ATLANTA - The halls of the Georgia Capitol are abuzz with talk about the imminent financial collapse of the state's largest public hospital and how to rescue the struggling medical center before it chokes on its debt.
There are proposals among the state's ruling Republicans for an exhaustive audit of Grady Memorial Hospital's system. Lawmakers negotiate with Grady's contractors over ways to forgive or reduce the hospital's debt. And there's a push among GOP leaders to replace the government-appointed board that runs the hospital with a nonprofit private organization.

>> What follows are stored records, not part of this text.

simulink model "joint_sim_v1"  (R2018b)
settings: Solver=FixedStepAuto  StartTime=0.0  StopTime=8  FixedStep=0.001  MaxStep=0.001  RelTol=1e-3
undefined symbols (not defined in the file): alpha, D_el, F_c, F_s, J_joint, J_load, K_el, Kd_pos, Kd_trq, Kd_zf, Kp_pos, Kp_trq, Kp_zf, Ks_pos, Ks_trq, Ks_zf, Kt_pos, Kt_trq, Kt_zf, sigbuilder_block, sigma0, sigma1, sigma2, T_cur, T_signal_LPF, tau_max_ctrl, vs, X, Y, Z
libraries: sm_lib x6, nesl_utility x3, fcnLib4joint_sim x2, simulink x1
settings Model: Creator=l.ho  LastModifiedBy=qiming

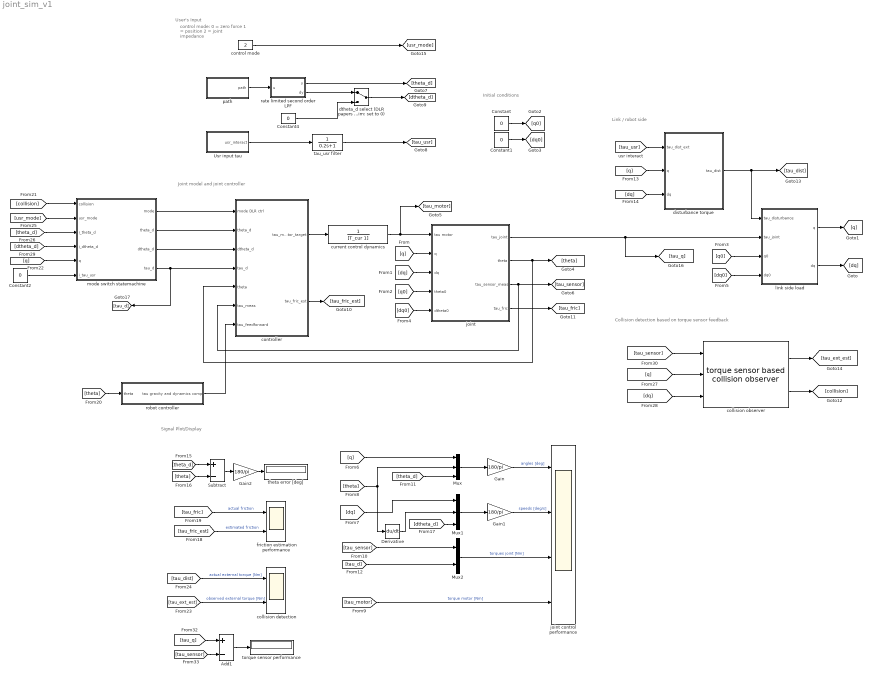
== system joint_sim_v1 ==
  note: Signal Plot/Display
  note: User's Input
  note: Collision detection based on torque sensor feedback
  note: Initial conditions
  note: Joint model and joint controller
  note: Link / robot side
  note: control mode:
      | 0 = zero force
      | 1 = position
      | 2 = joint impedance
  Add1 : Sum  Inputs=+-
  Constant{,1..2,4} (4 alike) : Constant  Value=0
  Derivative : Derivative
  Gain : Gain  Gain=180/pi
  Gain1 : Gain  Gain=180/pi
  Gain2 : Gain  Gain=180/pi
  Mux : Mux  Inputs=3
  Mux1 : Mux  Inputs=3
  Mux2 : Mux  Inputs=2
  Subtract : Sum  Inputs=+-
  Usr input tau : Subsystem  Tag=STV Subsys  LoadFcn=sigbuilder_block('load');  StartFcn=sigbuilder_block('start');  StopFcn=sigbuilder_block('stop');  ClipboardFcn=sigbuilder_block('clipboard');  mask(Sigbuilder block){tuvar=[0:10]}
      mask help: Simulink:masks:SigbuilderBlock_MD
      mask init:
      | if ~strcmp(get_param(bdroot(gcbh),'SimulationStatus'),'stopped') tuvar = sigbuilder_block('maskInit'); end
      settings: CopyFcn=sigbuilder_block('copy');  DeleteFcn=sigbuilder_block('delete');  ModelCloseFcn=sigbuilder_block('modelClose');  PreSaveFcn=sigbuilder_block('preSave');  PauseFcn=sigbuilder_block('pause');  ContinueFcn=sigbuilder_block('continue');  NameChangeFcn=sigbuilder_block('namechange');  OpenFcn=sigbuilder_block('open',[425.25 55.5 558 422.25 ]);  CloseFcn=sigbuilder_block('close');
      mask Display: plot(0, 0, 100, 100,[2, 2, 32, 32, 2], [68, 8, 8, 68, 68],[32, 2], [38, 38], [32, 19, 2],[53, 60, 44], [32, 17, 17, 2],[16, 16, 31, 31]);txt = getActiveGroup(gcbh);text(2, 100, txt,'verticalAlignment', 'top');
  "collision detection " : Scope  NumInputPorts=2
  "collision observer " : fcnLib4joint_sim/ torque sensor based collision observer   SystemSampleTime=-1
  control mode : Constant  Value=2
  controller : Subsystem
  current control dynamics : TransferFcn  Denominator=[T_cur 1]
  disturbance torque : Subsystem
  dtheta_d select (DLR papers and sim: set to 0) : ManualSwitch
  friction estimation performance : Scope  NumInputPorts=2
  joint : Subsystem
  joint control performance : Scope  NumInputPorts=4
  link side load : Subsystem
  mode switch statemachine : Stateflow chart  TreatAsAtomicUnit=on
  path : Subsystem  Tag=STV Subsys  LoadFcn=sigbuilder_block('load');  StartFcn=sigbuilder_block('start');  StopFcn=sigbuilder_block('stop');  ClipboardFcn=sigbuilder_block('clipboard');  mask(Sigbuilder block){tuvar=[0:10]}
      mask help: Simulink:masks:SigbuilderBlock_MD
      mask init:
      | if ~strcmp(get_param(bdroot(gcbh),'SimulationStatus'),'stopped') tuvar = sigbuilder_block('maskInit'); end
      settings: CopyFcn=sigbuilder_block('copy');  DeleteFcn=sigbuilder_block('delete');  ModelCloseFcn=sigbuilder_block('modelClose');  PreSaveFcn=sigbuilder_block('preSave');  PauseFcn=sigbuilder_block('pause');  ContinueFcn=sigbuilder_block('continue');  NameChangeFcn=sigbuilder_block('namechange');  OpenFcn=sigbuilder_block('open',[427.5 91.5 543 377.25 ]);  CloseFcn=sigbuilder_block('close');
      mask Display: plot(0, 0, 100, 100,[2, 2, 32, 32, 2], [68, 8, 8, 68, 68],[32, 2], [38, 38], [32, 19, 2],[53, 60, 44], [32, 17, 17, 2],[16, 16, 31, 31]);txt = getActiveGroup(gcbh);text(2, 100, txt,'verticalAlignment', 'top');
  rate limited second order LPF : Subsystem
  robot controller : Subsystem
  tau_usr filter : TransferFcn  Denominator=[0.2 1]
  theta error [deg] : Display
  torque sensor performance : Display
  wires:
  Constant/1 -> [q0]
  Constant1/1 -> [dq0]
  controller/1(tau_motor_target) -> current control dynamics/1
  joint/1(tau_joint) -> link side load/2(tau_joint), [tau_q]
  [dq0] -> link side load/4(dq0)
  [q0] -> link side load/3(q0)
  link side load/2(dq) -> [dq]
  link side load/1(q) -> [q]
  joint/2(theta) -> [theta], controller/5(theta)
  joint/3(tau_sensor_meas) -> controller/6(tau_meas), [tau_sensor]
  disturbance torque/1(tau_dist) -> [tau_dist], link side load/1(tau_disturbance)
  current control dynamics/1 -> [tau_motor], joint/1(tau motor)
  [theta] -> Mux/2, Derivative/1
  [q] -> Mux/1
  Mux/1 -> Gain/1
  Mux1/1 -> Gain1/1
  [dq] -> Mux1/1
  Derivative/1 -> Mux1/2
  [tau_sensor] -> Mux2/1
  Mux2/1 -> joint control performance/3  "torques joint [Nm]"
  [theta_d] -> Mux/3
  [tau_d] -> Mux2/2
  rate limited second order LPF/1(y) -> [theta_d]
  tau_usr filter/1 -> [tau_usr]
  [q] -> disturbance torque/2(q)
  [dq] -> disturbance torque/3(dq)
  Gain/1 -> joint control performance/1  "angles [deg]"
  Gain1/1 -> joint control performance/2  "speeds [deg/s]"
  [theta_d] -> Subtract/1
  [theta] -> Subtract/2
  Subtract/1 -> Gain2/1
  Gain2/1 -> theta error [deg]/1
  [dtheta_d] -> Mux1/3
  controller/2(tau_fric_est) -> [tau_fric_est]
  joint/4(tau_fric) -> [tau_fric]
  [tau_fric] -> friction estimation performance/1  "actual friction"
  [tau_fric_est] -> friction estimation performance/2  "estimated friction"
  [tau_motor] -> joint control performance/4  "torque motor [Nm]"
  rate limited second order LPF/2(dy) -> dtheta_d select (DLR papers and sim: set to 0)/1
  Constant4/1 -> dtheta_d select (DLR papers and sim: set to 0)/2
  [tau_ext_est] -> "collision detection "/2  "observed external torque [Nm]"
  [tau_dist] -> "collision detection "/1  "actual external torque [Nm]"
  [dq0] -> joint/5(dtheta0)
  [q] -> joint/2(q)
  [q0] -> joint/4(theta0)
  [dq] -> joint/3(dq)
  [q] -> "collision observer "/2
  "collision observer "/1 -> [tau_ext_est]
  [tau_sensor] -> "collision observer "/1
  [dq] -> "collision observer "/3
  "collision observer "/2 -> [collision]
  mode switch statemachine/1(mode) -> controller/1(mode DLR ctrl)
  mode switch statemachine/2(theta_d) -> controller/2(theta_d)
  mode switch statemachine/3(dtheta_d) -> controller/3(dtheta_d)
  dtheta_d select (DLR papers and sim: set to 0)/1 -> [dtheta_d]
  [q] -> mode switch statemachine/5(q)
  control mode/1 -> [usr_mode]
  [usr_mode] -> mode switch statemachine/2(usr_mode)
  [theta_d] -> mode switch statemachine/3(i_theta_d)
  [dtheta_d] -> mode switch statemachine/4(i_dtheta_d)
  Usr input tau/1(usr_interact) -> tau_usr filter/1
  mode switch statemachine/4(tau_d) -> [tau_d], controller/4(tau_d)
  robot controller/1(tau gravity and dynamics comp.) -> controller/7(tau_feedforward)
  [theta] -> robot controller/1(theta)
  [tau_usr] -> disturbance torque/1(tau_dist_ext)
  Constant2/1 -> mode switch statemachine/6(i_tau_usr)
  [tau_q] -> Add1/1
  [tau_sensor] -> Add1/2
  Add1/1 -> torque sensor performance/1
  path/1(path) -> rate limited second order LPF/1(u)
  [collision] -> mode switch statemachine/1(collision)

== system joint_sim_v1/Usr input tau ==
  Demux : Demux  Tag=STV Demux  Outputs=1
  FromWs : FromWorkspace  Tag=STV FromWs  VariableName=tuvar  SampleTime=0
      SigBuilderData=|
      | common.afterFinalStr = 'Extrapolate'
      | common.sampleTime = 0
      | dataSet.timeRange = [0 10]
      | dataSet.name = 'Group 1'
      | sbobj.Groups.Name = 'Group 1'
      | sbobj.Groups.Signals.Name = 'usr_interact'
      | sbobj.Groups.Signals.XData = [0 2 3 3 4 4 5 5 10]
      | sbobj.Groups.Signals.YData = [0 -0.002 -0.46 -0.455 -0.455 -0.45 0.002 0 0]
  usr_interact : Outport  Tag=STV Outport
  wires:
  FromWs/1 -> Demux/1
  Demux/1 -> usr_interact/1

Republican lawmakers privately say there's little chance of a state bailout happening unless the hospital agrees to overhaul its management structure. That move is bitterly contested by Atlanta Democrats, who argue that a structural change will do little to rescue the hospital.
Grady administrators have warned the hospital could run out of money by the end of the year. The hospital is losing $8 million each month, partly because it caters to a largely poor and uninsured population and treats the city's most critically injured patients. Some 93 percent of its patients are not privately insured and 75 percent are on Medicaid.
That has left Grady with a $125 million debt in short-term capital improvements and a roughly $50 million annual funding deficit.
Grady has asked Fulton and DeKalb counties to back up a $100 million loan it hopes to obtain. It also has secured a $15 million one-time donation from Fulton County commissioners to help shore up its finances.
Republicans have insisted that Grady must change the hospital's management structure.
The push for a management change has enraged some Atlanta Democrats, who argue the state shouldn't meddle with a system that's largely funded by Fulton and DeKalb county taxpayers.
State Rep. Ben Harbin said the state must find a way "to do something different for Grady." That might mean finding a way to secure more Medicaid funding or reviving a stalled legislative plan to create a statewide trauma system, said Mr. Harbin.